Cadillac BLS Review

Jehovah Johnson
by Jehovah Johnson

When I was growing up in South Africa, Cadillacs were gaudily chromed boats adorned with absurd fins. I thought they were stupid. I simply couldn’t reconcile Caddy's grandiose luxury land yachts with the small, sensible cars of my youth. As my horizons widened, as I learned about art, décor and design; I eventually “got it." I understood why enthusiasts waxed nostalgic about the great Caddies of yore, even though we saw precious few models in my corner of The Dark Continent.

So there I was, attending a ride ’n drive event for the Hummer H3. Instead of putting us behind the wheel of GM’s gangsta’ Chevy Colorado, the company’s PR flacks pulled the sheets off a brand new car and announced it was right here, right now: Cadillac! The erstwhile luxury brand’s brand latest and greatest model was now available in RSA, and we’d get to drive this Saab-based mid-size sedan. Here are the keys. Off you go.

Now cast your minds back to great Cadillacs of our collective imagination.

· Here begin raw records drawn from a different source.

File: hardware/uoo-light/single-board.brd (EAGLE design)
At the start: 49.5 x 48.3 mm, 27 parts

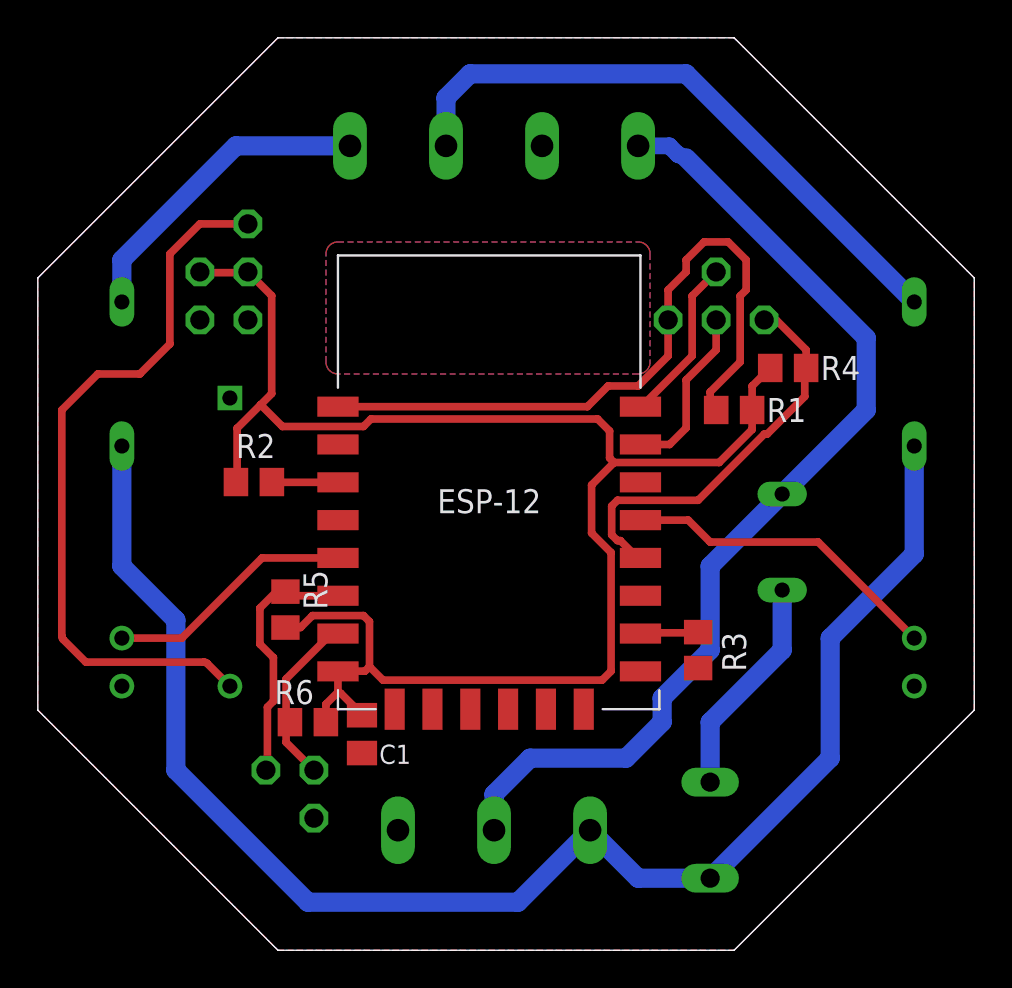
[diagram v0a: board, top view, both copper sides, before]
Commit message: second version of board. Mirrored elecromagnetic reeds, shorter pads in esp-12, better paths.added mount hole, bigger holes in my elements in library.
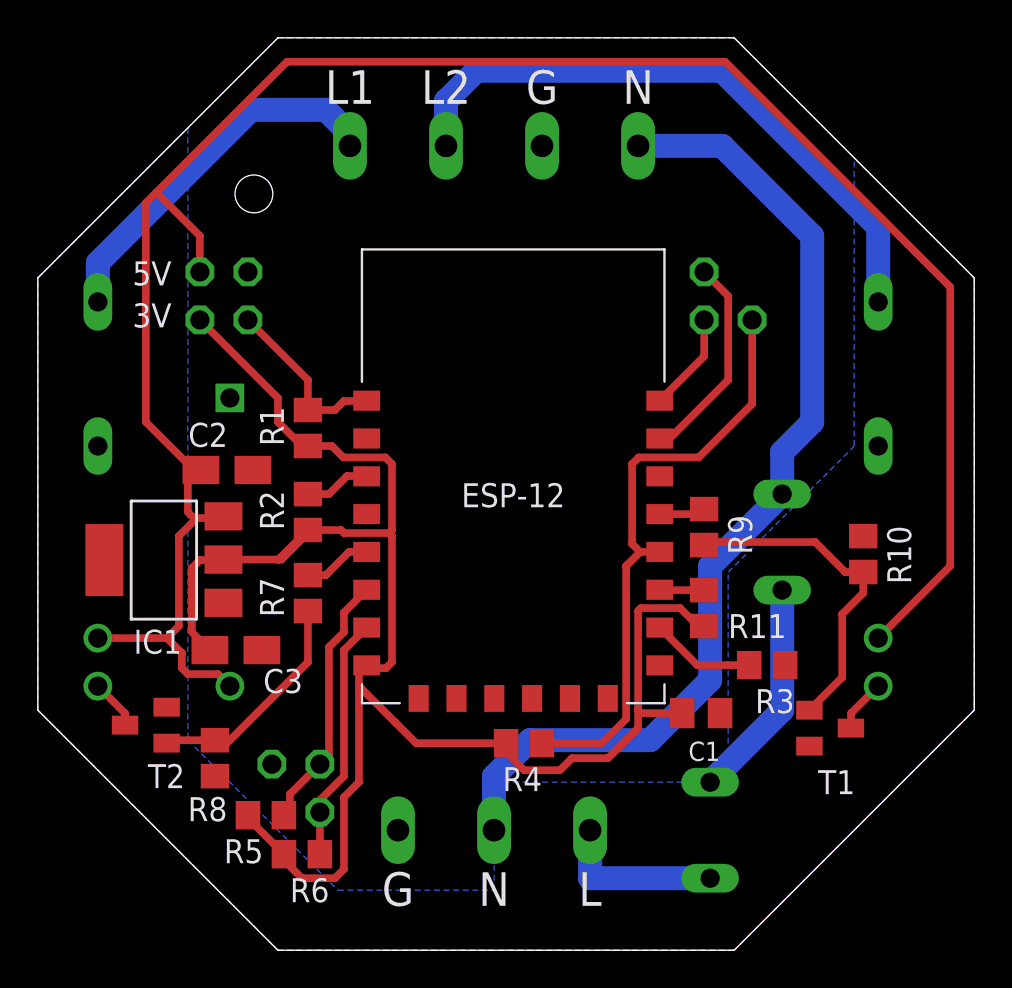
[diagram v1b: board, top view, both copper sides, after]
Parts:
- removed 3V1: 3V, pinhead:1X01
- removed GND8: GND, pinhead:1X01
- added C2, C3: (no value), rcl:A/3216-18R
- added IC1: REG1117, burr-brown:SOT223
- added R10, R11, R7, R8, R9: (no value), rcl:R0805
- added T1, T2: BC847, transistor:SOT23
- C1: value (none) -> 100nF
- G: value (none) -> G
- IN: value (none) -> AC IN
- L: value (none) -> LOUT
- OUT: value (none) -> OUT
- S1: value (none) -> S1
- S2: value (none) -> S2
- moved R4 24.3 mm to (28.9, 14.1)
- moved R1 22.6 mm to (17.5, 30.8), turned to 90 degrees
- moved RST 22.2 mm to (14.3, 36.5)
- moved C1 18.0 mm to (38.3, 15.7), turned to 180 degrees
- moved R5 10.9 mm to (15.2, 10.3), turned to 0 degrees
- moved R6 6.99 mm to (17.1, 8.26), turned to 0 degrees
- moved AC/DC 5.71 mm to (27.9, 24.8)
- moved R3 3.74 mm to (41.8, 18.3), turned to 0 degrees
- moved G 3.62 mm to (15.6, 13.0)
- moved 5V 3.59 mm to (11.7, 39.1)
- moved GND 3.59 mm to (14.3, 39.1)
- moved R2 3.27 mm to (17.5, 26.4), turned to 90 degrees
- moved S1 2.88 mm to (18.1, 13.0)
- moved RX 2.62 mm to (38.4, 39.1)
- moved TX 2.62 mm to (38.4, 36.5)
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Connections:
- new net N$12: T2.3, U$2.-
- new net N$13: T1.3, U$3.-
- new net N$14: R7.2, R8.1, T2.1
- new net N$16: R10.1, R9.2, T1.1
- new net N$17: ESP-12.P$17, R11.1
- net +3V3: now also C3.+, IC1.2, R11.2; no longer 3V1.1
- net GND: now also C2.-, C3.-, IC1.1, R10.2, R8.2, T1.2, T2.2; no longer GND8.1, U$2.-, U$3.-
- net REL1: now also R7.1; no longer U$2.+
- net REL2: now also R9.1; no longer U$3.+
- net VCC: now also C2.+, IC1.3, U$2.+, U$3.+
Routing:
- net VCC: track 38.7 -> 111.5 mm
- net L: track 79.4 -> 8.89 mm
- net N$1: track 37.1 -> 9.39 mm
- net N$16: track 0.00 -> 17.7 mm
- net REL2: track 17.1 -> 2.57 mm
- net N$14: track 0.00 -> 12.4 mm
- net N$4: track 21.5 -> 32.1 mm
- net REL1: track 13.2 -> 3.62 mm
- net +3V3: track 87.3 -> 93.5 mm
- net N$5: track 9.01 -> 5.26 mm
- net SW2: track 9.55 -> 13.0 mm
- net N$9: track 16.8 -> 19.9 mm
- net N$13: track 0.00 -> 2.82 mm
- net N$12: track 0.00 -> 2.66 mm
- net N$3: track 3.20 -> 5.55 mm
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- added copper zone on layer 16, net L
- removed copper zone on layer 16, net N$10
- removed copper zone on layer 1, net N$11
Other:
- board text added: ".pl"
- board text added: "G"
- board text added: "L"
- board text added: "L1"
- board text added: "L2"
- board text added: "N"
- board text added: "uoo-light"

Skip tracer Tommy Nowak’s 1959 convertible. The pearlized pink Caddies proudly gracing the driveways of Mary Kay’s super sales force. Hunter S. Thompson’s 1971 Eldorado fearing and loathing the Nevada desert. Elvis’ 1955 Fleetwood 60 Special, or the pink Cadillac in his rockabilly classic “Baby Let’s Play House.” The Caddy ambulance in Ghostbusters. Now, behold: the BLS!

Actually, you can’t behold a car as pleb as the BLS. You can hardly look at it without turning away in schadenfreude-inspired shame. This “B-grade Luxury Sedan” (Cadillac’s designation, not mine) looks like nothing but a bunch of creased cardboard from a package designer seeking maximum rigidity. The BLS sports the high beltline that’s quickly becoming synonymous with the modern American cars. From the rear three quarter, the derivative design apes the Chrysler 300’s urban flava. ‘Art & Science’? More like ‘Compromise & Cowardice’.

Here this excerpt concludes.